Eu era um jovem imberbe e muito saradinho ainda, cabelo na testa, botinha sem meia, calça calhambeque, o país do milagre (que não houve) vivia a época charmosa dos festivais, caminhando e cantando e seguindo a canção, eu reparei num jovem que, no festival Universitário da TV Cultura era a própria imagem do boêmio com talento e lucidez, além do nome diferente e do poema-canção salpicando de lamento nosso chão, em Helena, Helena, Helena... Um hino ao amor.

Bons tempos aqueles.

O jovem Taiguara era ótimo e simpático cantor, bonito e de presença iluminada em palcos e shows, além de músico de vários instrumentos e, pasmem, ainda excelente letrista, fora de série mesmo. Quem não se lembra de Hoje, Universo no Teu Corpo e outras canções eternas, inesquecíveis. Confesso, do fundo do meu coração, estava lhe devendo essa crônica, até já generosamente pedida por um amigo virtual que banca um site pra esse Taiguara Brasileiríssimo Pela Própria Natureza de Ser Grande...

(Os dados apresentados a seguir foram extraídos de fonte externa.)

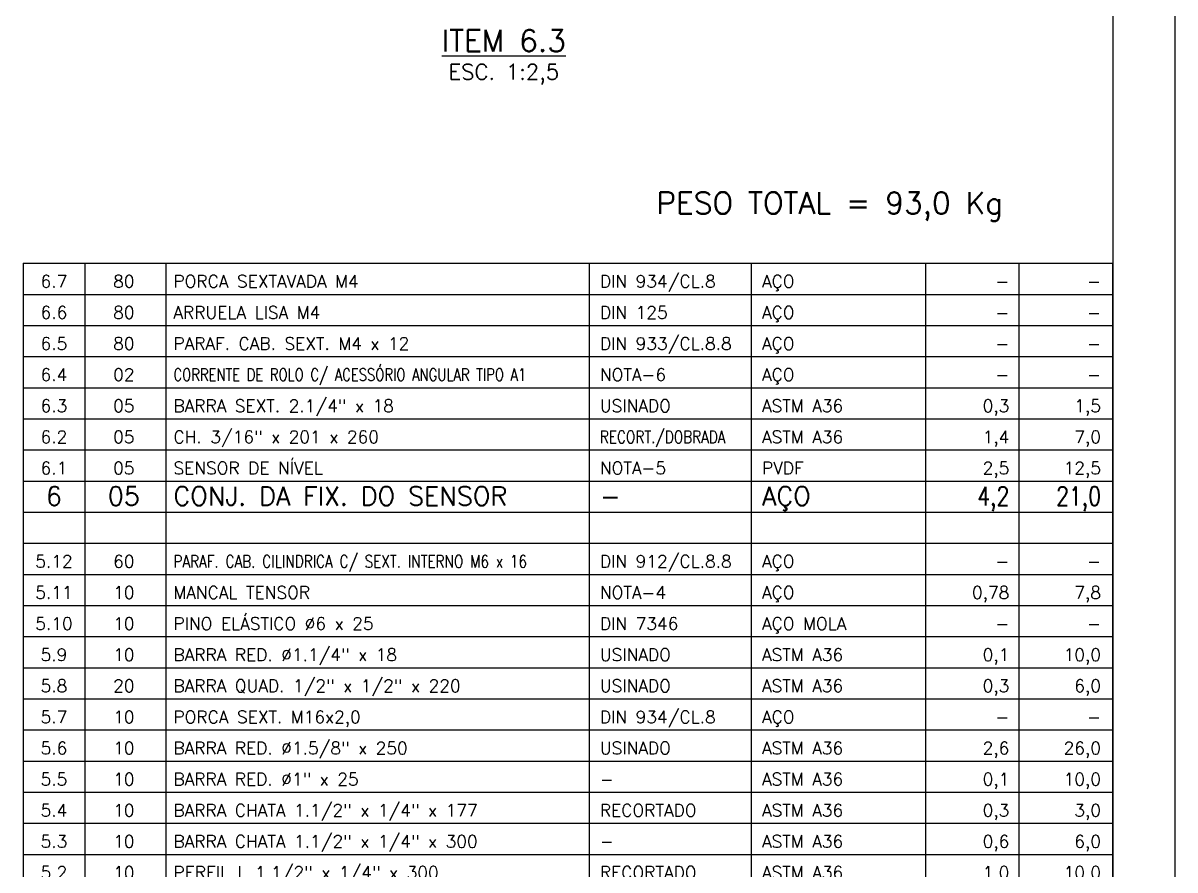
# Model space of a CAD drawing. Header units: metres. Extents: x 0 to 2102, y 0 to 1485.
# Drawn here: x 1640 to 2102.5, y 342.8 to 683 of the extents above; entities that cross this region are included whole.
import ezdxf
from ezdxf.enums import TextEntityAlignment as Align

# ---------------------------------------------------------------- set-up
doc = ezdxf.new("R2010")
doc.units = ezdxf.units.M
doc.header["$LTSCALE"] = 2.5
for name, color, linetype in [('FRL6', 6, 'Continuous'), ('FRL7', 7, 'Continuous'), ('FRR120', 5, 'Continuous'), ('FRR140', 5, 'Continuous'), ('FRR175', 1, 'Continuous'), ('FRR80', 3, 'Continuous'), ('GSB', 7, 'Continuous')]:
    doc.layers.add(name, color=color, linetype=linetype)
doc.styles.add('R100', font='simplex.shx', dxfattribs={"height": 2.5})
doc.styles.add('R120', font='simplex.shx', dxfattribs={"height": 3})
doc.styles.add('R140', font='simplex.shx', dxfattribs={"height": 3.5})
doc.styles.add('R80', font='simplex.shx', dxfattribs={"height": 2})
doc.styles.add('ROMANS', font='ROMANS.SHX')

# ---------------------------------------------------------------- blocks, each defined once
blk = doc.blocks.new('A1')
at = {"layer": 'FRL6', "linetype": 'Continuous'}
blk.add_line((831, 584), (831, 10), dxfattribs=at)
at = {"layer": 'FRL7', "linetype": 'Continuous'}
blk.add_line((841, 594), (841, 0), dxfattribs=at)
at = {"layer": 'FRR120', "style": 'R120'}
for tag, p in [('FASE_DO_PROJETO', (659, 46.29)), ('ÁREA_E/OU_SUBÁREA', (659, 40.79)), ('TÍTULO_DO_DESENHO', (659, 35.29)), ('SUBTÍTULO_1_DO_DESENHO', (659, 29.79)), ('SUBTÍTULO_2_DO_DESENHO', (659, 24.29))]:
    blk.add_attdef(tag, p, '', height=3, dxfattribs=at)
at = {"layer": 'FRR140', "style": 'R140', "width": 0.91}
for tag, p in [('NÚMERO_DA_CONTRATADA', (687.72, 12.6)), ('NUMERO_VALE', (752.89, 12.6))]:
    blk.add_attdef(tag, p, '', height=3.5, dxfattribs=at)
for tag, p in [('REVISÃO', (823.5, 14.68)), ('ESCALA', (671, 14.35))]:
    blk.add_attdef(tag, text='', height=3.5, dxfattribs=at).set_placement(p, align=Align.MIDDLE)
at = {"layer": 'FRR175', "style": 'R120'}
for tag, p in [('CLASSIFICAÇÃO', (811.83, 67.73)), ('PROJETO', (716.31, 53.59)), ('N_PROJ_SE', (793.5, 53.59)), ('N_CONTRATO', (796.97, 47.3))]:
    blk.add_attdef(tag, text='', height=3, dxfattribs=at).set_placement(p, align=Align.MIDDLE_CENTER)
at = {"layer": 'FRR80', "style": 'R80'}
for tag, p in [('8A_REV', (476, 77.07)), ('EMIS.', (486, 77.07)), ('PROJ.', (585, 77.07)), ('DES.', (597, 77.07)), ('VER.', (609, 77.07)), ('APR.', (621, 77.07)), ('AUT.', (633.01, 77.07)), ('7A_REV', (476, 71.37)), ('EMIS.', (486, 71.37)), ('PROJ.', (585, 71.37)), ('DES.', (597, 71.37)), ('VER.', (609, 71.37)), ('APR.', (621, 71.37)), ('AUT.', (633.01, 71.37)), ('6A_REV', (476, 65.67)), ('EMIS.', (486, 65.67)), ('PROJ.', (585, 65.67)), ('DES.', (597, 65.67)), ('VER.', (609, 65.67)), ('APR.', (621, 65.67)), ('AUT.', (633.01, 65.67)), ('5A_REV', (476, 59.97)), ('EMIS.', (486, 59.97)), ('PROJ.', (585, 59.97)), ('DES.', (597, 59.97)), ('VER.', (609, 59.97)), ('APR.', (621, 59.97)), ('AUT.', (633.01, 59.97)), ('4A_REV', (476, 54.27)), ('EMIS.', (486, 54.27)), ('PROJ.', (585, 54.27)), ('DES.', (597, 54.27)), ('VER.', (609, 54.27)), ('APR.', (621, 54.27)), ('AUT.', (633.01, 54.27)), ('3A_REV', (476, 48.57)), ('EMIS.', (486, 48.57)), ('PROJ.', (585, 48.57)), ('DES.', (597, 48.57)), ('VER.', (609, 48.57)), ('APR.', (621, 48.57)), ('AUT.', (633.01, 48.57)), ('2A_REV', (476, 42.87)), ('EMIS.', (486, 42.87)), ('PROJ.', (585, 42.87)), ('DES.', (597, 42.87)), ('VER.', (609, 42.87)), ('APR.', (621, 42.87)), ('AUT.', (633.01, 42.87)), ('1a_REV', (476, 37.17)), ('EMIS.', (486, 37.17)), ('PROJ.', (585, 37.17)), ('DES.', (597, 37.17)), ('VER.', (609, 37.17)), ('APR.', (621, 37.17)), ('AUT.', (633.01, 37.17))]:
    blk.add_attdef(tag, text='', height=2, dxfattribs=at).set_placement(p, align=Align.MIDDLE)
for p in [(492.61, 76.08), (492.61, 70.38), (492.61, 64.68), (492.61, 58.98), (492.61, 53.28), (492.61, 47.58), (492.61, 41.88), (492.61, 36.18)]:
    blk.add_attdef('DESCRIÇÃO_DA_REVISÃO', p, '', height=2, dxfattribs=at)
at = {"layer": 'FRR80', "style": 'R80', "width": 0.85}
for p in [(648, 77.07), (648, 71.37), (648, 65.67), (648, 59.97), (648, 54.27), (648, 48.57), (648, 42.87), (648, 37.17)]:
    blk.add_attdef('DATA', text='', height=2, dxfattribs=at).set_placement(p, align=Align.MIDDLE)
blk = doc.blocks.new('Tabela')
at = {"layer": 'GSB', "color": 3}
for p, q in [((0, 5), (175, 5)), ((10, 0), (10, 5)), ((23, 0), (23, 5)), ((91, 0), (91, 5)), ((117, 0), (117, 5)), ((145, 0), (145, 5)), ((160, 0), (160, 5))]:
    blk.add_line(p, q, dxfattribs=at)
at = {"layer": 'GSB', "color": 5}
for p, q in [((0, 5), (0, 0)), ((175, 5), (175, 0))]:
    blk.add_line(p, q, dxfattribs=at)
at = {"layer": 'GSB', "color": 2, "style": 'R80'}
for p in [(4.96, 1.09), (16.19, 1.09)]:
    blk.add_attdef('-', text='', height=2, dxfattribs=at).set_placement(p, align=Align.CENTER)
for p in [(24.16, 1.09), (92.65, 1.09), (118.69, 1.09)]:
    blk.add_attdef('-', p, '', height=2, dxfattribs=at)
for p in [(158.4, 1.09), (173.12, 1.09)]:
    blk.add_attdef('-', text='', height=2, dxfattribs=at).set_placement(p, align=Align.RIGHT)
blk = doc.blocks.new('CORTE')
at = {"layer": 'GSB', "color": 4, "style": 'R140'}
blk.add_attdef('%%UCORTE', text='', height=3.5, dxfattribs=at).set_placement((-0.25, 2.38), align=Align.MIDDLE_CENTER)
at = {"layer": 'GSB', "color": 3, "style": 'R100'}
blk.add_attdef('ESC.', text='', height=2.5, dxfattribs=at).set_placement((-0.25, -2.62), align=Align.MIDDLE_CENTER)

msp = doc.modelspace()

# ---------------------------------------------------------------- block references
at = {"xscale": 2.499999999999972, "yscale": 2.499999999999972, "zscale": 2.499999999999972}
msp.add_blockref('A1', (0, 0), dxfattribs=at)
at = {"layer": 'GSB', "xscale": 2.5, "yscale": 2.5, "zscale": 2.5}
msp.add_blockref('CORTE', (1833.653, 669.975), dxfattribs=at).add_auto_attribs({'%%UCORTE': '%%uITEM 6.3', 'ESC.': 'ESC. 1:2,5'})
at = {"layer": 'GSB'}
ref = msp.add_blockref('Tabela', (1639.98, 574.03), dxfattribs=dict(at, xscale=2.499999999999972, yscale=2.499999999999972, zscale=2.499999999999972))
ref.add_attrib('-', '6.7', dxfattribs={"color": 2, "height": 5, "style": 'R80'}).set_placement((1652.384, 576.75), align=Align.CENTER)
ref.add_attrib('-', '80', dxfattribs={"color": 2, "height": 5, "style": 'R80'}).set_placement((1680.46, 576.75), align=Align.CENTER)
ref.add_attrib('-', 'PORCA SEXTAVADA M4', (1700.371, 576.75), dxfattribs={"color": 2, "height": 5, "style": 'R80'})
ref.add_attrib('-', 'DIN 934/CL.8', (1871.599, 576.75), dxfattribs={"color": 2, "height": 5, "style": 'R80'})
ref.add_attrib('-', 'AÇO', (1936.702, 576.75), dxfattribs={"color": 2, "height": 5, "style": 'R80'})
ref.add_attrib('-', '-', dxfattribs={"color": 2, "height": 5, "style": 'R80'}).set_placement((2035.983, 576.75), align=Align.RIGHT)
ref.add_attrib('-', '-', dxfattribs={"color": 2, "height": 5, "style": 'R80'}).set_placement((2072.784, 576.75), align=Align.RIGHT)
ref = msp.add_blockref('Tabela', (1639.98, 561.53), dxfattribs=dict(at, xscale=2.499999999999972, yscale=2.499999999999972, zscale=2.499999999999972))
ref.add_attrib('-', '6.6', dxfattribs={"color": 2, "height": 5, "style": 'R80'}).set_placement((1652.384, 564.25), align=Align.CENTER)
ref.add_attrib('-', '80', dxfattribs={"color": 2, "height": 5, "style": 'R80'}).set_placement((1680.46, 564.25), align=Align.CENTER)
ref.add_attrib('-', 'ARRUELA LISA M4', (1700.371, 564.25), dxfattribs={"color": 2, "height": 5, "style": 'R80'})
ref.add_attrib('-', 'DIN 125', (1871.599, 564.25), dxfattribs={"color": 2, "height": 5, "style": 'R80'})
ref.add_attrib('-', 'AÇO', (1936.702, 564.25), dxfattribs={"color": 2, "height": 5, "style": 'R80'})
ref.add_attrib('-', '-', dxfattribs={"color": 2, "height": 5, "style": 'R80'}).set_placement((2035.983, 564.25), align=Align.RIGHT)
ref.add_attrib('-', '-', dxfattribs={"color": 2, "height": 5, "style": 'R80'}).set_placement((2072.784, 564.25), align=Align.RIGHT)
ref = msp.add_blockref('Tabela', (1639.98, 549.03), dxfattribs=dict(at, xscale=2.499999999999972, yscale=2.499999999999972, zscale=2.499999999999972))
ref.add_attrib('-', '6.5', dxfattribs={"color": 2, "height": 5, "style": 'R80'}).set_placement((1652.384, 551.75), align=Align.CENTER)
ref.add_attrib('-', '80', dxfattribs={"color": 2, "height": 5, "style": 'R80'}).set_placement((1680.46, 551.75), align=Align.CENTER)
ref.add_attrib('-', 'PARAF. CAB. SEXT. M4 x 12', (1700.371, 551.75), dxfattribs={"color": 2, "height": 5, "style": 'R80'})
ref.add_attrib('-', 'DIN 933/CL.8.8', (1871.599, 551.75), dxfattribs={"color": 2, "height": 5, "style": 'R80'})
ref.add_attrib('-', 'AÇO', (1936.702, 551.75), dxfattribs={"color": 2, "height": 5, "style": 'R80'})
ref.add_attrib('-', '-', dxfattribs={"color": 2, "height": 5, "style": 'R80'}).set_placement((2035.983, 551.75), align=Align.RIGHT)
ref.add_attrib('-', '-', dxfattribs={"color": 2, "height": 5, "style": 'R80'}).set_placement((2072.784, 551.75), align=Align.RIGHT)
ref = msp.add_blockref('Tabela', (1639.98, 536.53), dxfattribs=dict(at, xscale=2.499999999999972, yscale=2.499999999999972, zscale=2.499999999999972))
ref.add_attrib('-', '6.4', dxfattribs={"color": 2, "height": 5, "style": 'R80'}).set_placement((1652.384, 539.25), align=Align.CENTER)
ref.add_attrib('-', '02', dxfattribs={"color": 2, "height": 5, "style": 'R80'}).set_placement((1680.46, 539.25), align=Align.CENTER)
ref.add_attrib('-', 'CORRENTE DE ROLO C/ ACESSÓRIO ANGULAR TIPO A1', (1700.371, 539.25), dxfattribs={"color": 2, "height": 5, "style": 'R80', "width": 0.775})
ref.add_attrib('-', 'NOTA-6', (1871.599, 539.25), dxfattribs={"color": 2, "height": 5, "style": 'R80'})
ref.add_attrib('-', 'AÇO', (1936.702, 539.25), dxfattribs={"color": 2, "height": 5, "style": 'R80'})
ref.add_attrib('-', '-', dxfattribs={"color": 2, "height": 5, "style": 'R80'}).set_placement((2035.983, 539.25), align=Align.RIGHT)
ref.add_attrib('-', '-', dxfattribs={"color": 2, "height": 5, "style": 'R80'}).set_placement((2072.784, 539.25), align=Align.RIGHT)
ref = msp.add_blockref('Tabela', (1639.98, 524.03), dxfattribs=dict(at, xscale=2.499999999999972, yscale=2.499999999999972, zscale=2.499999999999972))
ref.add_attrib('-', '6.3', dxfattribs={"color": 2, "height": 5, "style": 'R80'}).set_placement((1652.384, 526.75), align=Align.CENTER)
ref.add_attrib('-', '05', dxfattribs={"color": 2, "height": 5, "style": 'R80'}).set_placement((1680.46, 526.75), align=Align.CENTER)
ref.add_attrib('-', 'BARRA SEXT. 2.1/4" x 18', (1700.371, 526.75), dxfattribs={"color": 2, "height": 5, "style": 'R80'})
ref.add_attrib('-', 'USINADO', (1871.599, 526.75), dxfattribs={"color": 2, "height": 5, "style": 'R80'})
ref.add_attrib('-', 'ASTM A36', (1936.702, 526.75), dxfattribs={"color": 2, "height": 5, "style": 'R80'})
ref.add_attrib('-', '0,3', dxfattribs={"color": 2, "height": 5, "style": 'R80'}).set_placement((2035.983, 526.75), align=Align.RIGHT)
ref.add_attrib('-', '1,5', dxfattribs={"color": 2, "height": 5, "style": 'R80'}).set_placement((2072.784, 526.75), align=Align.RIGHT)
ref = msp.add_blockref('Tabela', (1639.98, 511.53), dxfattribs=dict(at, xscale=2.499999999999972, yscale=2.499999999999972, zscale=2.499999999999972))
ref.add_attrib('-', '6.2', dxfattribs={"color": 2, "height": 5, "style": 'R80'}).set_placement((1652.384, 514.25), align=Align.CENTER)
ref.add_attrib('-', '05', dxfattribs={"color": 2, "height": 5, "style": 'R80'}).set_placement((1680.46, 514.25), align=Align.CENTER)
ref.add_attrib('-', 'CH. 3/16" x 201 x 260', (1700.371, 514.25), dxfattribs={"color": 2, "height": 5, "style": 'R80'})
ref.add_attrib('-', 'RECORT./DOBRADA', (1871.599, 514.25), dxfattribs={"color": 2, "height": 5, "style": 'R80', "width": 0.8})
ref.add_attrib('-', 'ASTM A36', (1936.702, 514.25), dxfattribs={"color": 2, "height": 5, "style": 'R80'})
ref.add_attrib('-', '1,4', dxfattribs={"color": 2, "height": 5, "style": 'R80'}).set_placement((2035.983, 514.25), align=Align.RIGHT)
ref.add_attrib('-', '7,0', dxfattribs={"color": 2, "height": 5, "style": 'R80'}).set_placement((2072.784, 514.25), align=Align.RIGHT)
ref = msp.add_blockref('Tabela', (1639.98, 499.03), dxfattribs=dict(at, xscale=2.499999999999972, yscale=2.499999999999972, zscale=2.499999999999972))
ref.add_attrib('-', '6.1', dxfattribs={"color": 2, "height": 5, "style": 'R80'}).set_placement((1652.384, 501.75), align=Align.CENTER)
ref.add_attrib('-', '05', dxfattribs={"color": 2, "height": 5, "style": 'R80'}).set_placement((1680.46, 501.75), align=Align.CENTER)
ref.add_attrib('-', 'SENSOR DE NÍVEL', (1700.371, 501.75), dxfattribs={"color": 2, "height": 5, "style": 'R80'})
ref.add_attrib('-', 'NOTA-5', (1871.599, 501.75), dxfattribs={"color": 2, "height": 5, "style": 'R80'})
ref.add_attrib('-', 'PVDF', (1936.702, 501.75), dxfattribs={"color": 2, "height": 5, "style": 'R80'})
ref.add_attrib('-', '2,5', dxfattribs={"color": 2, "height": 5, "style": 'R80'}).set_placement((2035.983, 501.75), align=Align.RIGHT)
ref.add_attrib('-', '12,5', dxfattribs={"color": 2, "height": 5, "style": 'R80'}).set_placement((2072.784, 501.75), align=Align.RIGHT)
ref = msp.add_blockref('Tabela', (1639.98, 486.53), dxfattribs=dict(at, xscale=2.499999999999972, yscale=2.499999999999972, zscale=2.499999999999972))
ref.add_attrib('-', '6', dxfattribs={"color": 4, "height": 7.5, "style": 'ROMANS'}).set_placement((1652.384, 489.25), align=Align.CENTER)
ref.add_attrib('-', '05', dxfattribs={"color": 4, "height": 7.5, "style": 'ROMANS'}).set_placement((1680.46, 489.25), align=Align.CENTER)
ref.add_attrib('-', 'CONJ. DA FIX. DO SENSOR', (1700.371, 489.25), dxfattribs={"color": 4, "height": 7.5, "style": 'ROMANS'})
ref.add_attrib('-', '-', (1871.599, 489.25), dxfattribs={"color": 4, "height": 7.5, "style": 'ROMANS'})
ref.add_attrib('-', 'AÇO', (1936.702, 489.25), dxfattribs={"color": 4, "height": 7.5, "style": 'ROMANS'})
ref.add_attrib('-', '4,2', dxfattribs={"color": 4, "height": 7.5, "style": 'ROMANS', "width": 0.8}).set_placement((2035.983, 489.25), align=Align.RIGHT)
ref.add_attrib('-', '21,0', dxfattribs={"color": 4, "height": 7.5, "style": 'ROMANS', "width": 0.8}).set_placement((2072.784, 489.25), align=Align.RIGHT)
at = {"layer": 'GSB', "xscale": 2.5, "yscale": 2.5, "zscale": 2.5}
msp.add_blockref('Tabela', (1639.98, 474.03), dxfattribs=at)
at = {"layer": 'GSB'}
ref = msp.add_blockref('Tabela', (1639.98, 461.53), dxfattribs=dict(at, xscale=2.499999999999972, yscale=2.499999999999972, zscale=2.499999999999972))
ref.add_attrib('-', '5.12', dxfattribs={"color": 2, "height": 5, "style": 'R80'}).set_placement((1652.384, 464.25), align=Align.CENTER)
ref.add_attrib('-', '60', dxfattribs={"color": 2, "height": 5, "style": 'R80'}).set_placement((1680.46, 464.25), align=Align.CENTER)
ref.add_attrib('-', 'PARAF. CAB. CILINDRICA C/ SEXT. INTERNO M6 x 16', (1700.371, 464.25), dxfattribs={"color": 2, "height": 5, "style": 'R80', "width": 0.8})
ref.add_attrib('-', 'DIN 912/CL.8.8', (1871.599, 464.25), dxfattribs={"color": 2, "height": 5, "style": 'R80'})
ref.add_attrib('-', 'AÇO', (1936.702, 464.25), dxfattribs={"color": 2, "height": 5, "style": 'R80'})
ref.add_attrib('-', '-', dxfattribs={"color": 2, "height": 5, "style": 'R80'}).set_placement((2035.983, 464.25), align=Align.RIGHT)
ref.add_attrib('-', '-', dxfattribs={"color": 2, "height": 5, "style": 'R80'}).set_placement((2072.784, 464.25), align=Align.RIGHT)
ref = msp.add_blockref('Tabela', (1639.98, 449.03), dxfattribs=dict(at, xscale=2.499999999999972, yscale=2.499999999999972, zscale=2.499999999999972))
ref.add_attrib('-', '5.11', dxfattribs={"color": 2, "height": 5, "style": 'R80'}).set_placement((1652.384, 451.75), align=Align.CENTER)
ref.add_attrib('-', '10', dxfattribs={"color": 2, "height": 5, "style": 'R80'}).set_placement((1680.46, 451.75), align=Align.CENTER)
ref.add_attrib('-', 'MANCAL TENSOR', (1700.371, 451.75), dxfattribs={"color": 2, "height": 5, "style": 'R80'})
ref.add_attrib('-', 'NOTA-4', (1871.599, 451.75), dxfattribs={"color": 2, "height": 5, "style": 'R80'})
ref.add_attrib('-', 'AÇO ', (1936.702, 451.75), dxfattribs={"color": 2, "height": 5, "style": 'R80'})
ref.add_attrib('-', '0,78', dxfattribs={"color": 2, "height": 5, "style": 'R80'}).set_placement((2035.983, 451.75), align=Align.RIGHT)
ref.add_attrib('-', '7,8', dxfattribs={"color": 2, "height": 5, "style": 'R80'}).set_placement((2072.784, 451.75), align=Align.RIGHT)
ref = msp.add_blockref('Tabela', (1639.98, 436.53), dxfattribs=dict(at, xscale=2.499999999999972, yscale=2.499999999999972, zscale=2.499999999999972))
ref.add_attrib('-', '5.10', dxfattribs={"color": 2, "height": 5, "style": 'R80'}).set_placement((1652.384, 439.25), align=Align.CENTER)
ref.add_attrib('-', '10', dxfattribs={"color": 2, "height": 5, "style": 'R80'}).set_placement((1680.46, 439.25), align=Align.CENTER)
ref.add_attrib('-', 'PINO ELÁSTICO %%c6 x 25', (1700.371, 439.25), dxfattribs={"color": 2, "height": 5, "style": 'R80'})
ref.add_attrib('-', 'DIN 7346', (1871.599, 439.25), dxfattribs={"color": 2, "height": 5, "style": 'R80'})
ref.add_attrib('-', 'AÇO MOLA', (1936.702, 439.25), dxfattribs={"color": 2, "height": 5, "style": 'R80'})
ref.add_attrib('-', '-', dxfattribs={"color": 2, "height": 5, "style": 'R80'}).set_placement((2035.983, 439.25), align=Align.RIGHT)
ref.add_attrib('-', '-', dxfattribs={"color": 2, "height": 5, "style": 'R80'}).set_placement((2072.784, 439.25), align=Align.RIGHT)
ref = msp.add_blockref('Tabela', (1639.98, 424.03), dxfattribs=dict(at, xscale=2.499999999999972, yscale=2.499999999999972, zscale=2.499999999999972))
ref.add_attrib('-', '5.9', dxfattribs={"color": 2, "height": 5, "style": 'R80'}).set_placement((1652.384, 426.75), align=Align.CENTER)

Tive a oportunidade - muito tempo depois, já migrante de vinte e poucos anos em Sampa - de morar no mesmo quarto que ele morou numa pensão no Bixiga, na Rua Nestor Esteves da Natividade, Bela Bela Vista, num quarto adjacente que ele repartia em áureos tempos com o Vandré, do hino Para Não Dizer Que Não falei de Flores...

Eu tinha orgulho disso. Sabia de cor e salteado as belas canções dele, com os arranjos magistrais, com a sua produção maravilhosa e sua voz limpa como um céu de primavera de setembro da Estância Boêmia de Itararé.

Entre forfés e noites de gandaia, imitando Milton Nascimento, Caetano Veloso ou Elis Regina nas noites de reinações & farras no Bixiga, eu discutia Taiguara, contava lendas sobre ele, mas não tinha coragem de imitá-lo porque ele, todo próprio, tinha uma magia única, um brilho todo próprio. Mas eu sabia as músicas Viagem, Berço de Marcela, Teu Sonho Não Acabou, Maria do Futuro, e, principalmente Amanda. Acho que se eu tivesse uma filha, teria o nome de Amanda. 'Amanda, perdi pela Viagem/A força e a coragem...'

E ele gravou ainda Ivan Lins, Ruy Maurity, Dolores Duran, Alberto Land, Garoto, Vinícius de Morais, Chico Buarque, Sérgio Bittencourt, Luiz Viera e Renato Teixeira. Pelo rol de seus compositores prediletos, sendo ele mesmo um, imaginem os discos deles. Todos raros. Valiosos. Tenho todos os long-plays que pra mim valem ouro.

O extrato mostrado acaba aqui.